В то же время истинный профессионализм и там совершенно не нуждался в сквернословии, что доказывает, например, запись переговоров группы 334-го ооспн[144]
во время операции против укрепленного района «Карера» 29 марта 1986 года: «Первый, я Второй. По мне работает ДШК, попробую подойти поближе…» Пауза. Потом: «Первый, я Второй, работаем гранатами…» Пауза. Опять: «Первый, я Второй, идем дальше». И вот такая спокойная работа в море огня»[145], — с восхищением комментировал красивую работу спецназовцев очевидец. Добавим: и результативную.Грубость начальников в российской армии конца XX в. явственно ограничивала инициативу подчиненных, боявшихся нарваться на оскорбление и унижение. «Выговора, выволочки от начальства, разноса военный человек часто боится больше, чем врага, — свидетельствует военный корреспондент Н. Стародымов. — Когда штурмовали Грозный или погнали целый полк по горной дороге на Шатой — многие офицеры понимали, что это ничем не оправданная авантюра. Но решительно возражать не решились. Под пули врага идти не так боялись, как начальственного рыка»[146]
.«Окопный генерал» Г.Н. Трошев в своих воспоминаниях приводил нелестную характеристику одного из своих начальников в Первую чеченскую войну (1994–1996), у которого «грубость с подчиненными временами переходила «критические отметки»»[147]
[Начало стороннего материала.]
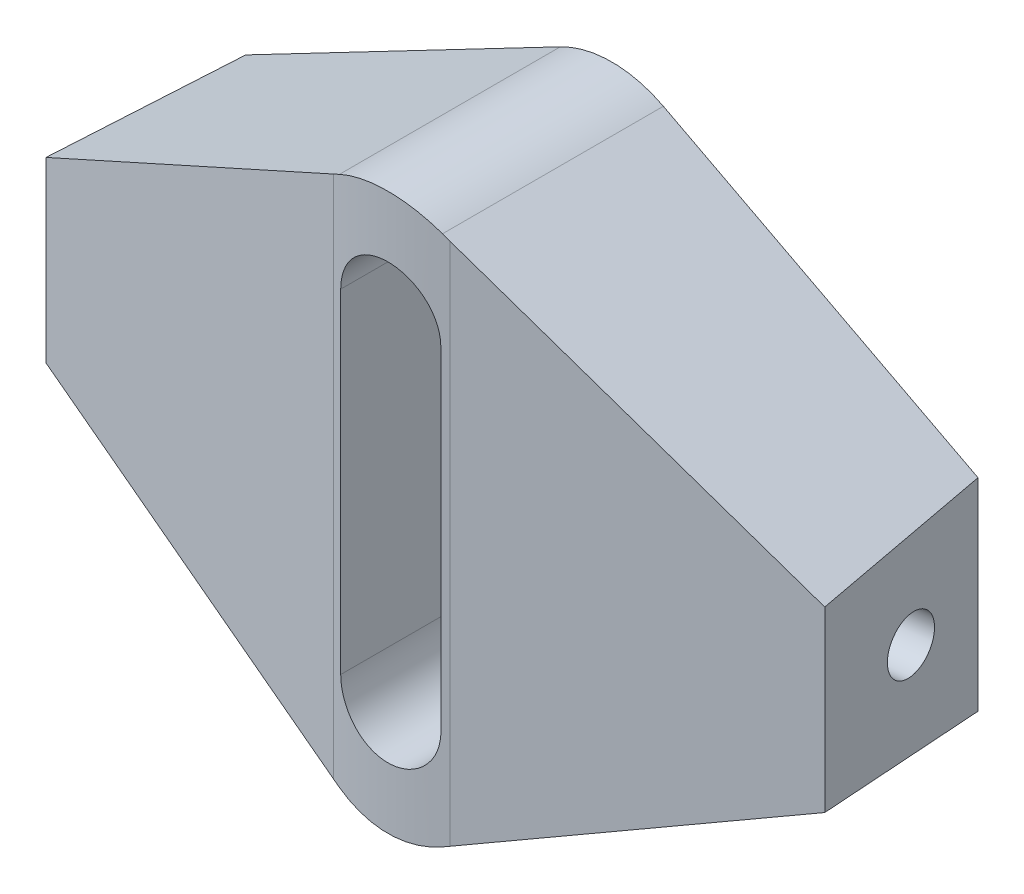
SolidWorks part; units mm, degrees
material "PVC hart"
ref_plane "Ebene vorne" through (0, 0, 0) normal (0, 0, 1) x (1, 0, 0)
ref_plane "Ebene oben" through (0, 0, 0) normal (0, 1, 0) x (1, 0, 0)
ref_plane "Ebene rechts" through (0, 0, 0) normal (1, 0, 0) x (0, 0, -1)
sketch "Skizze3" plane through (0, 0, 0) normal (0, 0, 1) x (1, 0, 0)
  line L0 (-17.5, 4) -> (-2.3149, 11.9318)
  line L1 (0, -7.5) -> (0, 7.5) construction
  line L2 (-2.25, -7.5) -> (-2.25, 7.5)
  line L3 (2.25, -7.5) -> (2.25, 7.5)
  line L4 (-17.5, 0) -> (17.5, 0) construction
  line L5 (-17.5, -4) -> (-2.3149, -11.9318)
  line L6 (0, 12.5) -> (0, -12.5) construction
  line L7 (17.5, -4) -> (2.3149, -11.9318)
  line L8 (-17.5, -4) -> (-17.5, 4)
  line L9 (17.5, 4) -> (2.3149, 11.9318)
  line L10 (17.5, -4) -> (17.5, 4)
  arc A0 (-2.25, -7.5) -> (2.25, -7.5) centre (0, -7.5) ccw
  arc A1 (2.25, 7.5) -> (-2.25, 7.5) centre (0, 7.5) ccw
  arc A2 (-2.3149, 11.9318) -> (2.3149, 11.9318) centre (0, 7.5) cw
  arc A3 (-2.3149, -11.9318) -> (2.3149, -11.9318) centre (0, -7.5) ccw
  point P4 (0, 0)
  point P15 (0, 0)
  dimension "D1" = 4.5
  dimension "D2" = 25
  dimension "D3" = 15
  dimension "D4" = 8
  dimension "D5" = 35
extrude "Aufsatz-Linear austragen3" add sketch "Skizze3" along normal blind 20 contours L2 A1 L3 | L8 | L2 | L3 | L10 | L3 A0 L2 region at (-9.7083, 7.5847, 0)
sketch "Skizze10" plane through (0, 0, 0) normal (0, 1, 0) x (1, 0, 0)
  line L0 (-16.4558, 0) -> (-17.5, -7.9316)
  line L1 (-17.5, 0) -> (-2.3149, 0) construction
  line L2 (-17.5, -20) -> (-17.5, 0) construction
  line L3 (-17.5, -7.9316) -> (-2.6105, -9.8918)
  line L5 (0, 0) -> (0, -20) construction
  line L6 (2.3149, 0) -> (-2.3149, 0) construction
  line L7 (-2.3149, -20) -> (2.3149, -20) construction
  line L8 (-16.4558, 0) -> (16.4558, 0)
  line L9 (16.4558, 0) -> (17.5, -7.9316)
  line L10 (17.5, -7.9316) -> (2.6105, -9.8918)
  arc A0 (-2.6105, -9.8918) -> (2.6105, -9.8918) centre (0, 9.9371) ccw
  dimension "D3" = 20
  dimension "D1" = 8
  dimension "D2" = 165
extrude "Schnitt-Linear austragen9" cut sketch "Skizze10" against normal through all and the other way through all flip side to cut
sketch "Skizze7" plane through (-17.1964, 0, 5.6253) normal (-0.9914, 0, -0.1305) x (-0.1305, 0, 0.9914)
  line L1 (-5.6739, 0) -> (2.3261, 0) construction
  line L2 (-5.6739, 4.5454) -> (-5.6739, -4.5454) construction
  line L3 (2.3261, -4) -> (2.3261, 4) construction
  circle A0 centre (-2.1739, 0) radius 1.23
  dimension "D1" = 2.46
  dimension "D2" = 4.5
  dimension "D3" = 3.5
extrude "Schnitt-Linear austragen8" cut sketch "Skizze7" against normal blind 12
mirror "Spiegeln4" about plane through (0, 0, 0) normal (1, 0, 0) of "Schnitt-Linear austragen8"
ref_axis "Bewegungsachse" through (0, -11.6078, 0) along (0, 1, 0)

. Гневаясь, генерал «стучал по столу кулаком так, что подлетали телефонные аппараты, а крепкий мат не глушили даже дубовые двери кабинета. И ожидавшие в приемной офицеры начинали бледнеть еще до встречи с генералом. Такой стиль общения, даже при всей «крутизне» нынешних нравов, некоторые просто не могли перенести»[148]. И если генералы, не желавшие терпеть подобного обращения, еще могли перевестись к другому месту службы, то что оставалось делать простым офицерам, недаром, по словам Трошева, в период командования упомянутым военачальником войсками округа среди них подскочила статистика инфарктов. Как настоящий военный, Геннадий Николаевич Трошев очень сдержанно отзывался о полководческих дарованиях своего начальника. Тем не менее, между строк можно прочесть, что привычка не сдерживать себя в слове распространялась у последнего и на способность сохранять хладнокровие, проявлять терпение и выдержку в боевых условиях.Для понимания морально-психологической обстановки в ходе вооруженного конфликта в Донбассе показательно свидетельство одного из ополченцев армии Новороссии: «Мата в казарме было много, иногда доходило до половины сказанного текста»[149]
. Уровень речевой культуры ополченцев легко связать с уровнем их боевого мастерства: «Сват (позывной командира батареи. — С.З.) стрелял по цели долгих 45 минут, так и не добившись попадания»[150]. И это при том, что по самым «щадящим» нормативам, на поражение цели могло быть потрачено не более 10 минут. Видимо, не случайно один из последних приказов[151] И.И. Стрелкова (Гиркина) от 28.07.2014 г. был посвящен запрету матерной брани в воинстве ДНР. Мера весьма похвальная; единственно, с чем, к сожалению, никак нельзя согласиться, что мат для пагубы Отечества придумали враги России. Явление это безусловно наше (чтобы убедиться в происхождении некоторых матерных слов достаточно ознакомиться с текстом новгородских берестяных грамот №№ 35 и 955) хоть и не делающее нам чести.Обратимся теперь к рассказу одного высокопоставленного российского офицера, боровшегося с терроризмом в Сирии, показывающему, к каким удивительным результатам, порой, приводит избавление от сквернословия в среде военнослужащих.
«В начале 2016 года, как-то утром меня вызвали в штаб группировки и представили заместителю командующего Северным флотом по работе с личным составом, который прибыл для инспекции десантно-штурмового батальона морской пехоты, охранявшего базу, сменив в конце декабря 2015 года черноморцев. Контр-адмирал (колоритнейшая личность — в прошлом командир атомного подводного ракетоносца — образец флотского офицера, с прекрасной четкой и грамотной речью) прошел везде, вник во все до мелочей, побеседовал со многими матросами и офицерами. Перед его возвращением в Россию мне удалось пообщаться с ним накоротке. Подводя итоги своего посещения Сирии, он заметил с горечью: «Сколько матерщины — бессмысленной, грубой, привычной…». И рассказал о книжке «Правда о русском мате», пообещав прислать несколько экземпляров. А мат, как это ни прискорбно, действительно был у нас широко распространен и в штабах, и в подразделениях, причем уже на уровне, практически не замечаемом — бытовом.